_Task details_: Throughout the listing below, show every line in which "drill" occurs.

_Records shown_:
——
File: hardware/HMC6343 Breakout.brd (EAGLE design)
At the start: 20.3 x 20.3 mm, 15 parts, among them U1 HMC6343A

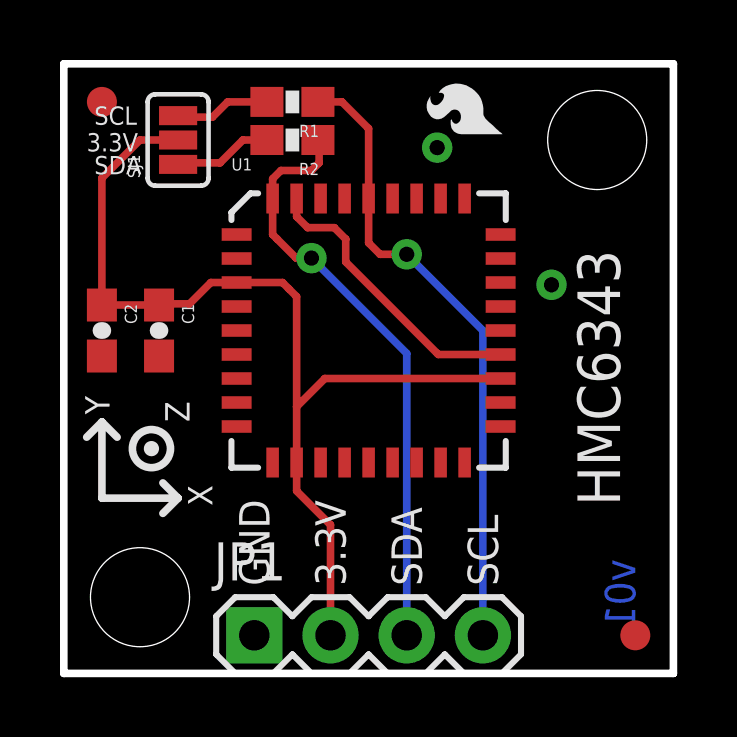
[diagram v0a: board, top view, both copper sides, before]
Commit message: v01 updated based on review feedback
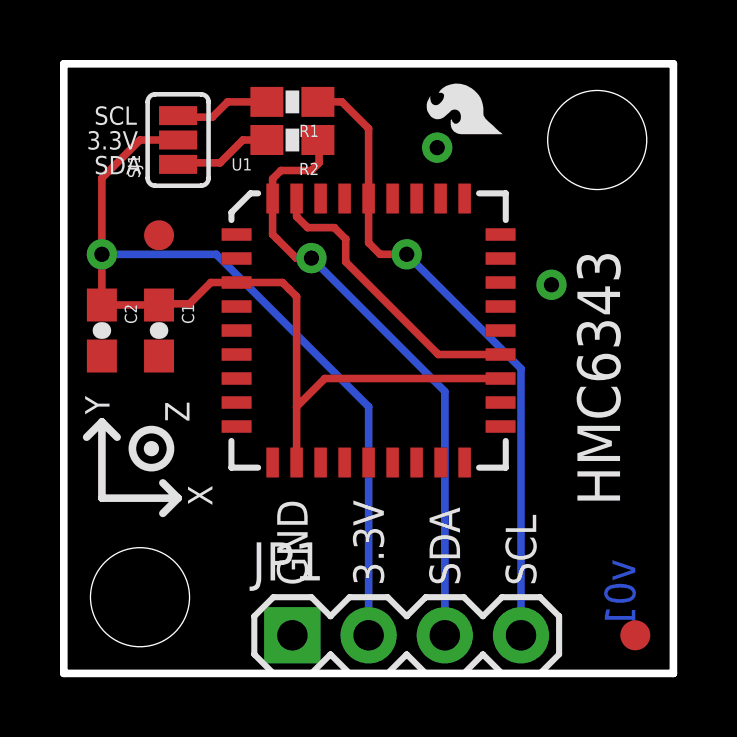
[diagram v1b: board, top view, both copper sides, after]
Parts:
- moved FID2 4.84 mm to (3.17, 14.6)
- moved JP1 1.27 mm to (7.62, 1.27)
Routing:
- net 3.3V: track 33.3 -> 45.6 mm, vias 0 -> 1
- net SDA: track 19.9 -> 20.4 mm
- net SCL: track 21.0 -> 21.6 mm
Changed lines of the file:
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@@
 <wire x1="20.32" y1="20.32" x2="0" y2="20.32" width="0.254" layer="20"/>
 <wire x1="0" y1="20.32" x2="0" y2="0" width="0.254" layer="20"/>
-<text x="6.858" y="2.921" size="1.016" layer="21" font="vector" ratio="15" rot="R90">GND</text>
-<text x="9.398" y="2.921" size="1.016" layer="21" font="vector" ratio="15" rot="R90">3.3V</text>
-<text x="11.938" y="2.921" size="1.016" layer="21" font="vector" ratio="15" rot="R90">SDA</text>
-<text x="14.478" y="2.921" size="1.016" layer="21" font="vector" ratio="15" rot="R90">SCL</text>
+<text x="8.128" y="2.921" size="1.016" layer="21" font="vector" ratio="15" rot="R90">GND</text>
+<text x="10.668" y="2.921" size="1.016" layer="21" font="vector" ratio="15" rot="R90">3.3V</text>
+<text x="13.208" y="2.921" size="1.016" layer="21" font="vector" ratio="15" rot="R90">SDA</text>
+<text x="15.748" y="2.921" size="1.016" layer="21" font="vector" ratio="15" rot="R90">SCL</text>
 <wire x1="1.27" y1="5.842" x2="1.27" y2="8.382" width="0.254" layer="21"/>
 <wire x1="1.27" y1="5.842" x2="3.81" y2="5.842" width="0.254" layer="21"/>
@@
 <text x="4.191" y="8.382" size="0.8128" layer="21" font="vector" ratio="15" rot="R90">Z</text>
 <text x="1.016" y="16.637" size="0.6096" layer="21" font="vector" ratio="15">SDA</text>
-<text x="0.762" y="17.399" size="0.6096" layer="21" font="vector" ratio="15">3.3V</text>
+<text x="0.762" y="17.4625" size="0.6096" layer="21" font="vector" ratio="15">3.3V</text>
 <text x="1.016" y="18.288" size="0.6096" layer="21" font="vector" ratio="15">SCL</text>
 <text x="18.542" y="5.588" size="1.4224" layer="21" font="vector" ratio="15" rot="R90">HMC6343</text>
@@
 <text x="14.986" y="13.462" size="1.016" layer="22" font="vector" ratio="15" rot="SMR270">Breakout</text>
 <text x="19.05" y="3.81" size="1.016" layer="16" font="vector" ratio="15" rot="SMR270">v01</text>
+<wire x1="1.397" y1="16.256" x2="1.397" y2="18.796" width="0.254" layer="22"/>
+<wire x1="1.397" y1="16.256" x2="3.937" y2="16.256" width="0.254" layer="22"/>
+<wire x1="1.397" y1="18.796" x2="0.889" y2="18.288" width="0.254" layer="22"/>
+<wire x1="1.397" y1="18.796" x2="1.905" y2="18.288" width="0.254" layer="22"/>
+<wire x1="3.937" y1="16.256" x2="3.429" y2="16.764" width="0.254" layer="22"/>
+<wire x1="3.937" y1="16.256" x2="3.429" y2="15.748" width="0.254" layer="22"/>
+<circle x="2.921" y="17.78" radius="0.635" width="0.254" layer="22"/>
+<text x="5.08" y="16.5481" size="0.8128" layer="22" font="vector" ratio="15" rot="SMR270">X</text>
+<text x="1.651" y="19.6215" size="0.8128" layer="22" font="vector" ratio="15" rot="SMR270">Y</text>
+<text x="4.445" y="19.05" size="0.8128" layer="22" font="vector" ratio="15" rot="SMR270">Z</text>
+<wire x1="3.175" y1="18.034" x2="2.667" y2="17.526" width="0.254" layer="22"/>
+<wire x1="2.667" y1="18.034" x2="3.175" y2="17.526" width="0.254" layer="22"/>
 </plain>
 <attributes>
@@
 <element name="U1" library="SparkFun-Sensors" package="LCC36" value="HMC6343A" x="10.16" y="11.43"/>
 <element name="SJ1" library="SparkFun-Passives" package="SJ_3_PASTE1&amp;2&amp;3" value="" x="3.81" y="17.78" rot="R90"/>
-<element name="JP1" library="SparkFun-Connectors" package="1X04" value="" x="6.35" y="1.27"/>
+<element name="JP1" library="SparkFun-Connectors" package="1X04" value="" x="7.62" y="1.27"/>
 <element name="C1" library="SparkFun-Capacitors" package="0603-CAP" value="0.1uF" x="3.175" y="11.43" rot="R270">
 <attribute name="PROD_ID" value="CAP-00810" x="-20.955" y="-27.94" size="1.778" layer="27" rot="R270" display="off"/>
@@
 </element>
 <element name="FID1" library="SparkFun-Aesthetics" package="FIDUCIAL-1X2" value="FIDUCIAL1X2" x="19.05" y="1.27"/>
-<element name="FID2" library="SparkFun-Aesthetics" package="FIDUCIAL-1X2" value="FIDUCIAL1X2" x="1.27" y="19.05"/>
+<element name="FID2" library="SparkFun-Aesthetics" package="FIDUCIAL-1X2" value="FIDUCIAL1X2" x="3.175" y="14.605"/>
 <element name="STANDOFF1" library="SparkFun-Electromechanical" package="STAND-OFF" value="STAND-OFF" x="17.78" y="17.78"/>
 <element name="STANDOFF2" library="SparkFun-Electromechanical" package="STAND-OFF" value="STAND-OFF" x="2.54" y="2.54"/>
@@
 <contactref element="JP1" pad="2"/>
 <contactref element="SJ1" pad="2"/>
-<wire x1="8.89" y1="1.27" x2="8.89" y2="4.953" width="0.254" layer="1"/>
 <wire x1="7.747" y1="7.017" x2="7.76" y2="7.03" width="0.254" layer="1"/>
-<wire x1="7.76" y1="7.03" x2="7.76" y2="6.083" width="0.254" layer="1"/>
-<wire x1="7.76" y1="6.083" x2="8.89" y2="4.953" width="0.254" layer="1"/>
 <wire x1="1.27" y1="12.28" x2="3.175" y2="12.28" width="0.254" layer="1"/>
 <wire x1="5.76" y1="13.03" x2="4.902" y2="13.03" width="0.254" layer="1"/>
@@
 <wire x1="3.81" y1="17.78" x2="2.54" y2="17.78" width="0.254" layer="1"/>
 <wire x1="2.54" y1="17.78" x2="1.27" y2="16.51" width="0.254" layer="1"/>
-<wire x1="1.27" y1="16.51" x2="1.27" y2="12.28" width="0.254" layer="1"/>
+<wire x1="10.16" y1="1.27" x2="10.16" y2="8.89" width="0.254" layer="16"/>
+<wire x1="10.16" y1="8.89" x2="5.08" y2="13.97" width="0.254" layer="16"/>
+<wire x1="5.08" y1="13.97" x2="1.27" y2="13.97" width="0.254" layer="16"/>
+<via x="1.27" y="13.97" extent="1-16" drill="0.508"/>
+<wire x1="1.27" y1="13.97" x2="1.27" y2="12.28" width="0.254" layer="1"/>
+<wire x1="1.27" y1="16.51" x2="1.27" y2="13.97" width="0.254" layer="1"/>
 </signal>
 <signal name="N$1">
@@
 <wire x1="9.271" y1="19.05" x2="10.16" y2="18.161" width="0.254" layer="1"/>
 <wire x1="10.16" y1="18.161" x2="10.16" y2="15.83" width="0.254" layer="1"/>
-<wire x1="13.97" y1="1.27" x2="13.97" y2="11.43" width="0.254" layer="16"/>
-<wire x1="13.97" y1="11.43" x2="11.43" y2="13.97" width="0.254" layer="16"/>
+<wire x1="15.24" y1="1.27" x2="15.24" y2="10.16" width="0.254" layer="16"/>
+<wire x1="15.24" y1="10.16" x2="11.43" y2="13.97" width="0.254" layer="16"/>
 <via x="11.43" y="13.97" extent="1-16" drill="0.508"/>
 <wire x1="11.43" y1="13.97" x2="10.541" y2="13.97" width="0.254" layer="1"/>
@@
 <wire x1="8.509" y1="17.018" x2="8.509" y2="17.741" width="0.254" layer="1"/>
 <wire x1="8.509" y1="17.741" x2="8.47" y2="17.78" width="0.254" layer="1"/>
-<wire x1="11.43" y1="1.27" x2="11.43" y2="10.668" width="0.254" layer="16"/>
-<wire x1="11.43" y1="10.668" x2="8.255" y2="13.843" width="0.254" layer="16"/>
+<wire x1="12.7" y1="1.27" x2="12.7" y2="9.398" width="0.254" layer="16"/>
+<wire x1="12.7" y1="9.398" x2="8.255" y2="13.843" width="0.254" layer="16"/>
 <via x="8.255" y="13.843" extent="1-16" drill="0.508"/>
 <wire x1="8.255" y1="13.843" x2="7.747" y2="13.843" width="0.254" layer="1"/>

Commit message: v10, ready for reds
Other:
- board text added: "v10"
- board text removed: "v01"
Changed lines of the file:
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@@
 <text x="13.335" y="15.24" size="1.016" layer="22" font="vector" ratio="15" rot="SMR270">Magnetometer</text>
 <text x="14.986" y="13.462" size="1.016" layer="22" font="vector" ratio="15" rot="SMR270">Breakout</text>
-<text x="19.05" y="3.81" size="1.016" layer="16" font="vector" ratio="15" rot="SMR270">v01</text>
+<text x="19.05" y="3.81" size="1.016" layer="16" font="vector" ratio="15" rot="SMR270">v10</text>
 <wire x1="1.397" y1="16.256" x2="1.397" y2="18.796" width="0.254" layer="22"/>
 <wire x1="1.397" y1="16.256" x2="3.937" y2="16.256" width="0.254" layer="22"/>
——
_Result below_:
+<via x="1.27" y="13.97" extent="1-16" drill="0.508"/>
 <via x="11.43" y="13.97" extent="1-16" drill="0.508"/>
 <via x="8.255" y="13.843" extent="1-16" drill="0.508"/>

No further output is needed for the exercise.